### ASSIGNMENT
Scan the entries for the word "layers". Every line that has it should be copied.

### EXCERPTED DATA
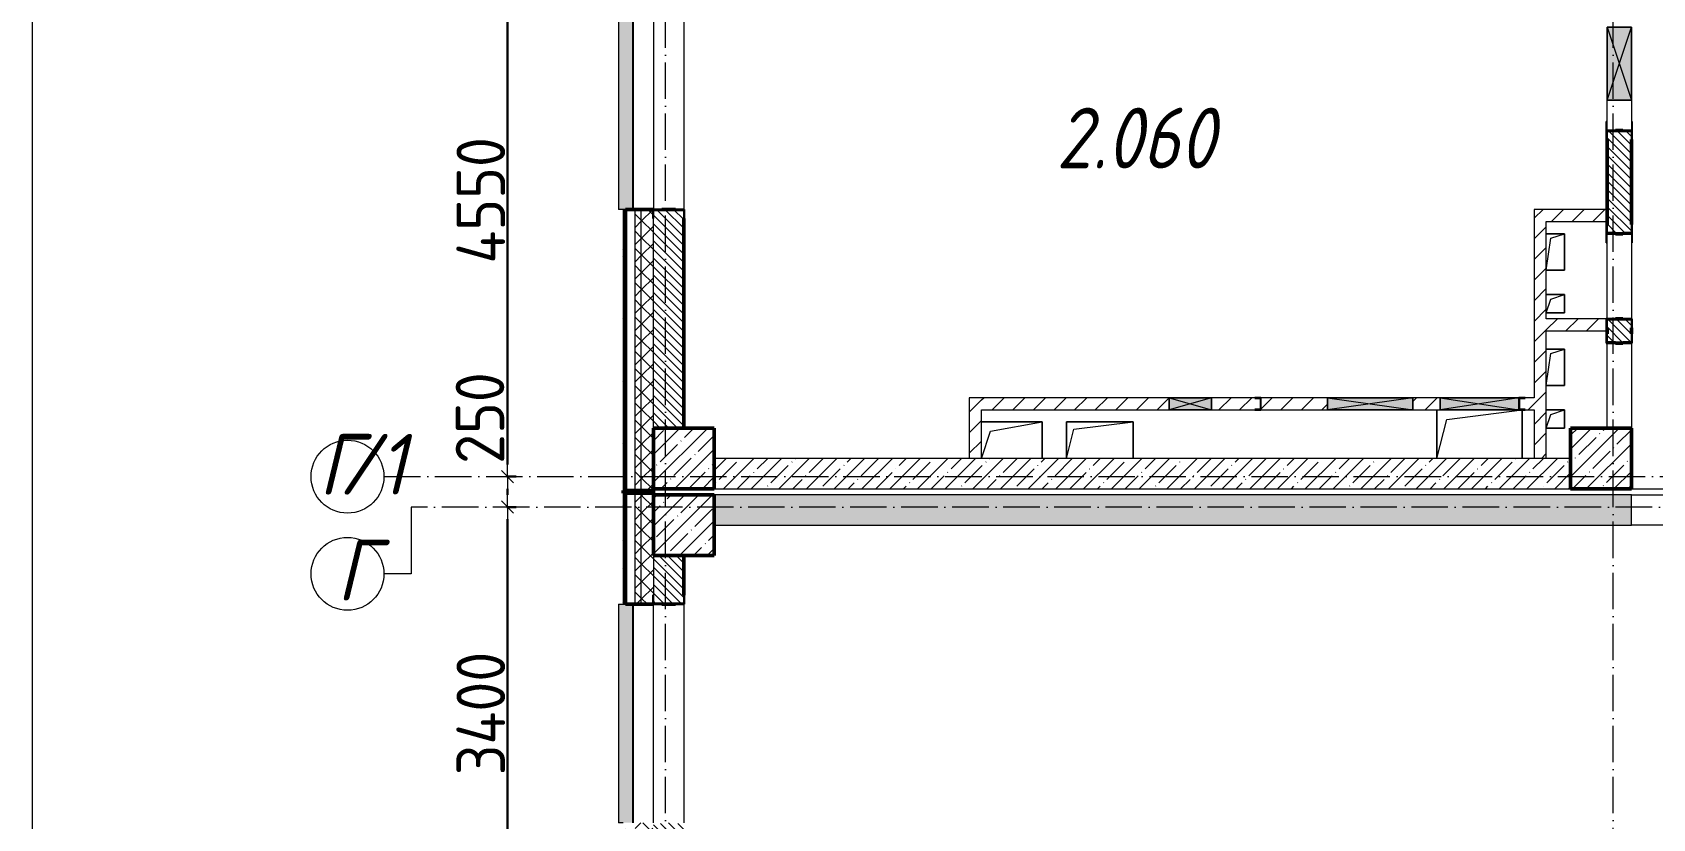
# Model space of a CAD drawing. Header units: millimetres. Extents: x -213536 to 1564669, y -45299 to 942238.
# Drawn here: x -23154 to -9817, y 465832 to 472304 of the extents above; entities that cross this region are included whole.
import ezdxf

# ---------------------------------------------------------------- set-up
doc = ezdxf.new("R2010")
doc.units = ezdxf.units.MM
doc.linetypes.add('50_200_ШТРИХ_1Т_ш5_п1_п1_', pattern=[700, 500, -100, 0, -100])
for name, color, linetype, lineweight in [('3.1) ЖБ окна 1.2 м', 102, 'Continuous', 30), ('A-____-____-DIMS', 7, 'Continuous', 9), ('A-DETL-GENF-OTLN', 7, 'Continuous', 9), ('A-FLOR-____-OTLN', 7, 'Continuous', 9), ('A-GENM-____-MCUT', 7, 'Continuous', 25), ('A-GENM-____-OTLN', 7, 'Continuous', 9), ('A-GENM-____-OTLN-1', 7, 'Continuous', 25), ('A-GLAZ-____-OTLN', 7, 'Continuous', 9), ('A-WALL-____-MCUT-1', 7, 'Continuous', 9), ('A-WALL-____-MCUT-2', 7, 'Continuous', 50), ('A-WALL-____-MCUT-3', 7, 'Continuous', 9), ('A-WALL-____-OTLN', 7, 'Continuous', 9), ('A-WALL-____-PATT-1', 7, 'Continuous', 9), ('A-WALL-FNSH-MCUT-1', 7, 'Continuous', 9), ('I-WALL-____-OTLN', 7, 'Continuous', 9), ('S-COLS-____-MCUT', 7, 'Continuous', 50), ('S-COLS-____-OTLN', 7, 'Continuous', 9), ('S-GRID-____-IDEN', 7, 'Continuous', 9), ('S-GRID-____-OTLN', 7, 'Continuous', 9), ('S-GRID-____-OTLN-1', 7, '50_200_ШТРИХ_1Т_ш5_п1_п1_', 9), ('Марки помещений', 7, 'Continuous', 9)]:
    doc.layers.add(name, color=color, linetype=linetype, lineweight=lineweight)
doc.layers.add('A-GLAZ-____-OTLN-1', color=7, linetype='Continuous', lineweight=9, true_color=0xc0c0c0)
doc.styles.add('ISOCPEUR_I', font='isocpeui.ttf', dxfattribs={"width": 0.9, "height": 2.5})
doc.styles.add('ISOCPEUR_I_3', font='isocpeui.ttf', dxfattribs={"width": 0.85, "height": 2.2})
doc.styles.add('СПДС', font='isocpeur.ttf', dxfattribs={"width": 0.9})
doc.dimstyles.new('Размера А3', dxfattribs={"dimtxt": 200, "dimasz": 100, "dimexe": 70, "dimexo": 100, "dimgap": 20, "dimtad": 1, "dimdec": 0, "dimrnd": 10, "dimzin": 0, "dimdsep": 46, "dimtxsty": 'СПДС', "dimblk": 'ARROWHEAD_6', "dimcen": 1, "dimclrd": 256, "dimclre": 256, "dimclrt": 256, "dimazin": 0, "dimtfac": 1, "dimtdec": 0, "dimtmove": 2, "dimatfit": 3, "dimfxl": 1, "dimtolj": 1, "dimtzin": 0, "dimarcsym": 0})
pattern_1 = [(135, (-15591.663, 459015.94), (-35.35534, -35.35534), [])]
pattern_2 = [(45, (-15591.66, 459015.94), (-70.71068, 70.71068), []), (135, (-15591.66, 459015.94), (-70.71068, -70.71068), [])]
pattern_3 = [(45, (-15591.66, 459015.94), (-84.8528, 84.8528), [])]
pattern_4 = [(45, (-15591.66, 459015.94), (-114.0493, 114.0493), []), (45, (-15477.61, 459015.94), (-114.0493, 114.0493), [201.612, -40.322, 3.353, -36.97])]
pattern_5 = [(45, (-15591.66, 459015.94), (-85.5366, 85.5366), []), (45, (-15534.64, 459015.94), (-85.5366, 85.5366), [])]

# ---------------------------------------------------------------- blocks, each defined once
blk = doc.blocks.new('BSC_Колонна _Прямоугольная - 500х500-V42-АР1_План отверстий 2 этажа в осях 1-64_А-ГГ')
at = {"layer": 'S-COLS-____-OTLN'}
h = blk.add_hatch(dxfattribs=at)
h.set_pattern_fill('FP_71', color=256, style=0, pattern_type=2)
h.set_pattern_definition([(45, (2200, -9781.04), (-114.0493, 114.0493), []), (45, (2314.05, -9781.04), (-114.0493, 114.0493), [201.612, -40.322, 3.353, -36.97])])
h.paths.add_polyline_path([(-250, -250), (250, -250), (250, 250), (-250, 250)], flags=0)
at = {"layer": 'S-COLS-____-MCUT'}
for p, q in [((250, 250), (-250, 250)), ((-250, 250), (-250, -250)), ((250, -250), (250, 250)), ((-250, -250), (250, -250))]:
    blk.add_line(p, q, dxfattribs=at)
blk = doc.blocks.new('BSC_Колонна _Прямоугольная - 500х500-V43-АР1_План отверстий 2 этажа в осях 1-64_А-ГГ')
at = {"layer": 'S-COLS-____-OTLN'}
h = blk.add_hatch(dxfattribs=at)
h.set_pattern_fill('FP_72', color=256, style=0, pattern_type=2)
h.set_pattern_definition([(45, (-5350, -9781.04), (-114.0493, 114.0493), []), (45, (-5235.95, -9781.04), (-114.0493, 114.0493), [201.613, -40.323, 3.353, -36.97])])
h.paths.add_polyline_path([(-250, -250), (250, -250), (250, 250), (-250, 250)], flags=0)
at = {"layer": 'S-COLS-____-MCUT'}
for p, q in [((250, 250), (-250, 250)), ((-250, 250), (-250, -250)), ((250, -250), (250, 250)), ((-250, -250), (250, -250))]:
    blk.add_line(p, q, dxfattribs=at)
blk = doc.blocks.new('BSC_Колонна _Прямоугольная - 500х500-V137-АР1_План отверстий 2 этажа в осях 1-64_А-ГГ')
at = {"layer": 'S-COLS-____-OTLN'}
h = blk.add_hatch(dxfattribs=at)
h.set_pattern_fill('FP_167', color=256, style=0, pattern_type=2)
h.set_pattern_definition([(45, (2200, -9231.04), (-114.0493, 114.0493), []), (45, (2314.05, -9231.04), (-114.0493, 114.0493), [201.612, -40.322, 3.353, -36.97])])
h.paths.add_polyline_path([(-250, -250), (250, -250), (250, 250), (-250, 250), (-250, 105)], flags=0)
at = {"layer": 'S-COLS-____-MCUT'}
for p, q in [((250, 250), (-250, 250)), ((-250, 250), (-250, -250)), ((250, -250), (250, 250)), ((-250, -250), (250, -250))]:
    blk.add_line(p, q, dxfattribs=at)
blk = doc.blocks.new('Фахверк_СКБ_Уголок - 250_2700-27497298-АР1_План отверстий 2 этажа в осях 1-64_А-ГГ')
at = {"layer": 'A-GENM-____-MCUT'}
for p, q in [((200, 181), (125, 181)), ((125, 181), (125, 106)), ((131, 106), (131, 175)), ((131, 175), (200, 175)), ((200, 175), (200, 181)), ((125, 106), (131, 106)), ((131, -6), (125, -6)), ((125, -6), (125, -81)), ((125, -81), (200, -81)), ((131, -75), (131, -6)), ((200, -75), (131, -75)), ((200, -81), (200, -75))]:
    blk.add_line(p, q, dxfattribs=at)
blk = doc.blocks.new('Фахверк_СКБ_Уголок - 200_3960_зеркало-28268689-АР1_План отверстий 2 этажа в осях 1-64_А-ГГ')
at = {"layer": 'A-GENM-____-MCUT'}
for p, q in [((200, 156), (125, 156)), ((125, 156), (125, 81)), ((131, 81), (131, 150)), ((131, 150), (200, 150)), ((200, 150), (200, 156)), ((125, 81), (131, 81)), ((131, 19), (125, 19)), ((125, 19), (125, -56)), ((131, -50), (131, 19)), ((125, -56), (200, -56)), ((200, -50), (131, -50)), ((200, -56), (200, -50))]:
    blk.add_line(p, q, dxfattribs=at)
blk = doc.blocks.new('154_Стойка_СКБ_Уголок - СМ-2180_200-28268025-АР1_План отверстий 2 этажа в осях 1-64_А-ГГ')
at = {"layer": 'A-GENM-____-MCUT'}
for p, q in [((125, 156), (125, 81)), ((200, 156), (125, 156)), ((131, 81), (131, 150)), ((131, 150), (200, 150)), ((200, 150), (200, 156)), ((125, 81), (131, 81)), ((131, 19), (125, 19)), ((125, 19), (125, -56)), ((131, -50), (131, 19)), ((125, -56), (200, -56)), ((200, -50), (131, -50)), ((200, -56), (200, -50))]:
    blk.add_line(p, q, dxfattribs=at)
blk = doc.blocks.new('Стойка_Влож_Уголок_Опорный - Уголок-28213941-АР1_План отверстий 2 этажа в осях 1-64_А-ГГ')
at = {"layer": 'A-GENM-____-OTLN'}
for p, q in [((-212, -6), (-212, 0)), ((0, 0), (0, -6)), ((-212, -75), (-212, -6)), ((-212, -6), (-206, -6)), ((-212, -75), (-206, -75)), ((-6, -6), (0, -6)), ((-6, -75), (0, -75)), ((0, -6), (0, -75))]:
    blk.add_line(p, q, dxfattribs=at)
blk = doc.blocks.new('154_Фахверк_СКБ_Швеллер - Тип_100_3960-28318856-АР1_План отверстий 2 этажа в осях 1-64_А-ГГ')
at = {"layer": 'A-GENM-____-MCUT'}
for p, q in [((175, 50), (125, 50)), ((125, 50), (125, -50)), ((128, 47), (175, 47)), ((128, -47), (128, 47)), ((175, 47), (175, 50)), ((125, -50), (175, -50)), ((175, -47), (128, -47)), ((175, -50), (175, -47))]:
    blk.add_line(p, q, dxfattribs=at)
blk = doc.blocks.new('Стены 5 - Стены 4-30145060-АР1_План отверстий 2 этажа в осях 1-64_А-ГГ')
at = {"layer": 'A-WALL-____-MCUT-2'}
for p, q in [((-1844, 41030), (-1844, 41010)), ((-1594, 41030), (-1844, 41030)), ((-1844, 41010), (-1594, 41010)), ((-1594, 41010), (-1594, 41030))]:
    blk.add_line(p, q, dxfattribs=at)
blk = doc.blocks.new('AR_Отверстие прямоугольное _в плите_ - AR_Отверстие прямоугольное _в плите_-V148-АР1_План отверстий 2 этажа в осях 1-64_А-ГГ')
at = {"layer": 'A-GENM-____-OTLN'}
for p, q in [((75, 75), (-75, 75)), ((-75, -75), (-37, 37)), ((-37, 37), (75, 75)), ((75, -75), (75, 75)), ((-75, -75), (75, -75))]:
    blk.add_line(p, q, dxfattribs=at)
blk = doc.blocks.new('AR_Отверстие прямоугольное _в плите_ - AR_Отверстие прямоугольное _в плите_-V149-АР1_План отверстий 2 этажа в осях 1-64_А-ГГ')
at = {"layer": 'A-GENM-____-OTLN'}
for p, q in [((75, 150), (-75, 150)), ((-37, 113), (75, 150)), ((75, -150), (75, 150)), ((-75, -150), (-37, 113)), ((-75, -150), (75, -150))]:
    blk.add_line(p, q, dxfattribs=at)
blk = doc.blocks.new('AR_Отверстие прямоугольное _в плите_ - AR_Отверстие прямоугольное _в плите_-30552525-АР1_План отверстий 2 этажа в осях 1-64_А-ГГ')
at = {"layer": 'A-GENM-____-OTLN'}
for p, q in [((-350, 200), (-350, -200)), ((-270, 120), (350, 200)), ((350, -200), (350, 200)), ((-350, -200), (-270, 120))]:
    blk.add_line(p, q, dxfattribs=at)
blk = doc.blocks.new('AR_Отверстие прямоугольное _в плите_ - AR_Отверстие прямоугольное _в плите_-30459267-АР1_План отверстий 2 этажа в осях 1-64_А-ГГ')
at = {"layer": 'A-GENM-____-OTLN'}
for p, q in [((250, 150), (-250, 150)), ((-175, 75), (250, 150)), ((250, -150), (250, 150)), ((-250, -150), (-175, 75))]:
    blk.add_line(p, q, dxfattribs=at)
blk = doc.blocks.new('AR_Отверстие прямоугольное _в плите_ - AR_Отверстие прямоугольное _в плите_-30552596-АР1_План отверстий 2 этажа в осях 1-64_А-ГГ')
at = {"layer": 'A-GENM-____-OTLN'}
for p, q in [((275, 150), (-275, 150)), ((-275, 150), (-275, -150)), ((-215, 90), (275, 150)), ((275, -150), (275, 150)), ((-275, -150), (-215, 90))]:
    blk.add_line(p, q, dxfattribs=at)
blk = doc.blocks.new('Отлив_СКБ - Отлив витража_120_НВФ-31885689-АР1_План отверстий 2 этажа в осях 1-64_А-ГГ')
at = {"layer": 'A-GLAZ-____-OTLN-1'}
for points in [[(1800, 2), (1800, 120), (0, 120), (0, 2), (1103, 2)], [(1103, 0), (1800, 0), (1800, 2), (0, 2), (0, 0)]]:
    blk.add_hatch(color=256, dxfattribs=at).paths.add_polyline_path(points, flags=0)
at = {"layer": 'A-GLAZ-____-OTLN'}
for p, q in [((0, 83), (0, 120)), ((1800, 120), (0, 120)), ((0, 2), (1800, 2)), ((1800, 120), (1800, 83)), ((1800, 0), (0, 0))]:
    blk.add_line(p, q, dxfattribs=at)
blk = doc.blocks.new('AR_Отверстие прямоугольное _в стене_ - AR_Отверстие прямоугольное _в стене__ОВ-36887039-АР1_План отверстий 2 этажа в осях 1-64_А-ГГ')
at = {"layer": 'A-GLAZ-____-OTLN'}
blk.add_hatch(color=256, dxfattribs=at).paths.add_polyline_path([(325, -50), (325, 50), (-325, 50), (-325, -50), (55, -50)], flags=0)
at = {"layer": 'A-DETL-GENF-OTLN'}
for p, q in [((-325, -50), (-325, 50)), ((-325, 50), (325, 50)), ((325, 50), (-325, -50)), ((-325, 50), (325, -50)), ((325, 50), (-325, 50)), ((-325, 50), (-325, -50)), ((325, 50), (325, -50)), ((325, -50), (325, 50)), ((325, -50), (-325, -50)), ((-325, -50), (325, -50))]:
    blk.add_line(p, q, dxfattribs=at)
blk = doc.blocks.new('AR_Отверстие прямоугольное _в стене__БезПР - AR_Отверстие прямоугольное _в стене__БезПР-36429042-АР1_План отверстий 2 этажа в осях 1-64_А-ГГ')
at = {"layer": 'A-GLAZ-____-OTLN'}
blk.add_hatch(color=256, dxfattribs=at).paths.add_polyline_path([(-350, -50), (350, -50), (350, 50), (-350, 50)], flags=0)
at = {"layer": 'A-DETL-GENF-OTLN'}
for p, q in [((-350, -50), (-350, 50)), ((-350, 50), (350, 50)), ((350, 50), (-350, -50)), ((-350, 50), (350, -50)), ((350, 50), (-350, 50)), ((-350, 50), (-350, -50)), ((350, 50), (350, -50)), ((350, -50), (350, 50)), ((350, -50), (-350, -50)), ((-350, -50), (350, -50))]:
    blk.add_line(p, q, dxfattribs=at)
at = {"layer": 'A-GLAZ-____-OTLN'}
blk.add_line((350, 50), (-350, 50), dxfattribs=at)
blk = doc.blocks.new('AR_Отверстие прямоугольное _в стене__БезПР - AR_Отверстие прямоугольное _в стене__БезПР-36788977-АР1_План отверстий 2 этажа в осях 1-64_А-ГГ')
at = {"layer": 'A-GLAZ-____-OTLN'}
blk.add_hatch(color=256, dxfattribs=at).paths.add_polyline_path([(175, -50), (175, 50), (-175, 50), (-175, -50)], flags=0)
at = {"layer": 'A-DETL-GENF-OTLN'}
for p, q in [((-175, -50), (-175, 50)), ((-175, 50), (175, 50)), ((175, 50), (-175, -50)), ((-175, 50), (175, -50)), ((175, 50), (-175, 50)), ((-175, 50), (-175, -50)), ((175, 50), (175, -50)), ((175, -50), (175, 50)), ((175, -50), (-175, -50)), ((-175, -50), (175, -50))]:
    blk.add_line(p, q, dxfattribs=at)
at = {"layer": 'A-GLAZ-____-OTLN'}
blk.add_line((175, 50), (-175, 50), dxfattribs=at)
blk = doc.blocks.new('AR_Отверстие прямоугольное _в стене_ - AR_Отверстие прямоугольное _в стене__ОВ-36870782-АР1_План отверстий 2 этажа в осях 1-64_А-ГГ')
at = {"layer": 'A-GLAZ-____-OTLN'}
blk.add_hatch(color=256, dxfattribs=at).paths.add_polyline_path([(-300, 100), (-300, -100), (300, -100), (300, 100)], flags=0)
at = {"layer": 'A-DETL-GENF-OTLN'}
for p, q in [((-300, -100), (-300, 100)), ((-300, 100), (300, 100)), ((300, 100), (-300, -100)), ((-300, 100), (300, -100)), ((300, 100), (-300, 100)), ((-300, 100), (-300, -100)), ((300, 100), (300, -100)), ((300, -100), (300, 100)), ((300, -100), (-300, -100)), ((-300, -100), (300, -100))]:
    blk.add_line(p, q, dxfattribs=at)
blk = doc.blocks.new('154_Фахверк_СКБ_Швеллер - Тип_100_3960_зеркало-V199-АР1_План отверстий 2 этажа в осях 1-64_А-ГГ')
at = {"layer": 'A-GENM-____-MCUT'}
for p, q in [((175, 50), (125, 50)), ((128, 47), (175, 47)), ((128, -47), (128, 47)), ((175, 47), (175, 50)), ((125, -50), (175, -50)), ((175, -47), (128, -47)), ((175, -50), (175, -47))]:
    blk.add_line(p, q, dxfattribs=at)
blk = doc.blocks.new('Ось сетки - Круг_Ø6_00__ISO-2_5_0_9K_-25732049-АР1_План отверстий 2 этажа в осях 1-64_А-ГГ')
at = {"layer": 'S-GRID-____-IDEN'}
blk.add_circle((0, 0), 3, dxfattribs=at)
blk = doc.blocks.new('ARROWHEAD_6')
at = {"color": 0, "linetype": 'Continuous'}
for p, q in [((0, 0), (-1, 0)), ((-0.5, -0.5), (0.5, 0.5))]:
    blk.add_line(p, q, dxfattribs=at)
blk = doc.blocks.new('*D5486')
at = {"layer": 'A-____-____-DIMS', "lineweight": -2, "transparency": 16777216}
for p, q in [((-19249, 468397), (-19173, 468397)), ((-19243, 465097), (-19243, 468297)), ((-19249, 464997), (-19173, 464997))]:
    blk.add_line(p, q, dxfattribs=at)
at = {"layer": 'Defpoints', "color": 0, "lineweight": 30, "transparency": 16777216}
for p in [(-19349, 468397), (-19243, 468397), (-19349, 464997)]:
    blk.add_point(p, dxfattribs=at)
at = {"layer": 'A-____-____-DIMS', "lineweight": -2, "transparency": 16777216, "xscale": 100, "yscale": 100, "zscale": 100}
for p, rotation in [((-19243, 468397), 90), ((-19243, 464997), 270)]:
    blk.add_blockref('ARROWHEAD_6', p, dxfattribs=dict(at, rotation=rotation))
at = {"layer": 'A-____-____-DIMS', "transparency": 16777216, "insert": (-19463, 466697), "char_height": 400, "attachment_point": 5, "rotation": 90, "style": 'СПДС'}
blk.add_mtext('\\A1;3400', dxfattribs=at)
blk = doc.blocks.new('*D5487')
at = {"layer": 'A-____-____-DIMS', "lineweight": -2, "transparency": 16777216}
for p, q in [((-19249, 468647), (-19173, 468647)), ((-19243, 468497), (-19243, 468547)), ((-19249, 468397), (-19173, 468397))]:
    blk.add_line(p, q, dxfattribs=at)
at = {"layer": 'Defpoints', "color": 0, "lineweight": 30, "transparency": 16777216}
for p in [(-19349, 468647), (-19243, 468647), (-19349, 468397)]:
    blk.add_point(p, dxfattribs=at)
at = {"layer": 'A-____-____-DIMS', "lineweight": -2, "transparency": 16777216, "xscale": 100, "yscale": 100, "zscale": 100}
for p, rotation in [((-19243, 468647), 90), ((-19243, 468397), 270)]:
    blk.add_blockref('ARROWHEAD_6', p, dxfattribs=dict(at, rotation=rotation))
at = {"layer": 'A-____-____-DIMS', "transparency": 16777216, "insert": (-19670, 468752), "char_height": 400, "attachment_point": 1, "rotation": 90, "line_spacing_factor": 1.149209, "style": 'СПДС'}
blk.add_mtext('\\A1;250', dxfattribs=at)
blk = doc.blocks.new('*D5488')
at = {"layer": 'A-____-____-DIMS', "lineweight": -2, "transparency": 16777216}
for p, q in [((-19249, 473197), (-19173, 473197)), ((-19243, 468747), (-19243, 473097)), ((-19249, 468647), (-19173, 468647))]:
    blk.add_line(p, q, dxfattribs=at)
at = {"layer": 'Defpoints', "color": 0, "lineweight": 30, "transparency": 16777216}
for p in [(-19349, 473197), (-19243, 473197), (-19349, 468647)]:
    blk.add_point(p, dxfattribs=at)
at = {"layer": 'A-____-____-DIMS', "lineweight": -2, "transparency": 16777216, "xscale": 100, "yscale": 100, "zscale": 100}
for p, rotation in [((-19243, 473197), 90), ((-19243, 468647), 270)]:
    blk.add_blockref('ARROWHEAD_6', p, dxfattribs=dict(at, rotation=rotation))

### EXPECTED OUTPUT
    doc.layers.add(name, color=color, linetype=linetype, lineweight=lineweight)
doc.layers.add('A-GLAZ-____-OTLN-1', color=7, linetype='Continuous', lineweight=9, true_color=0xc0c0c0)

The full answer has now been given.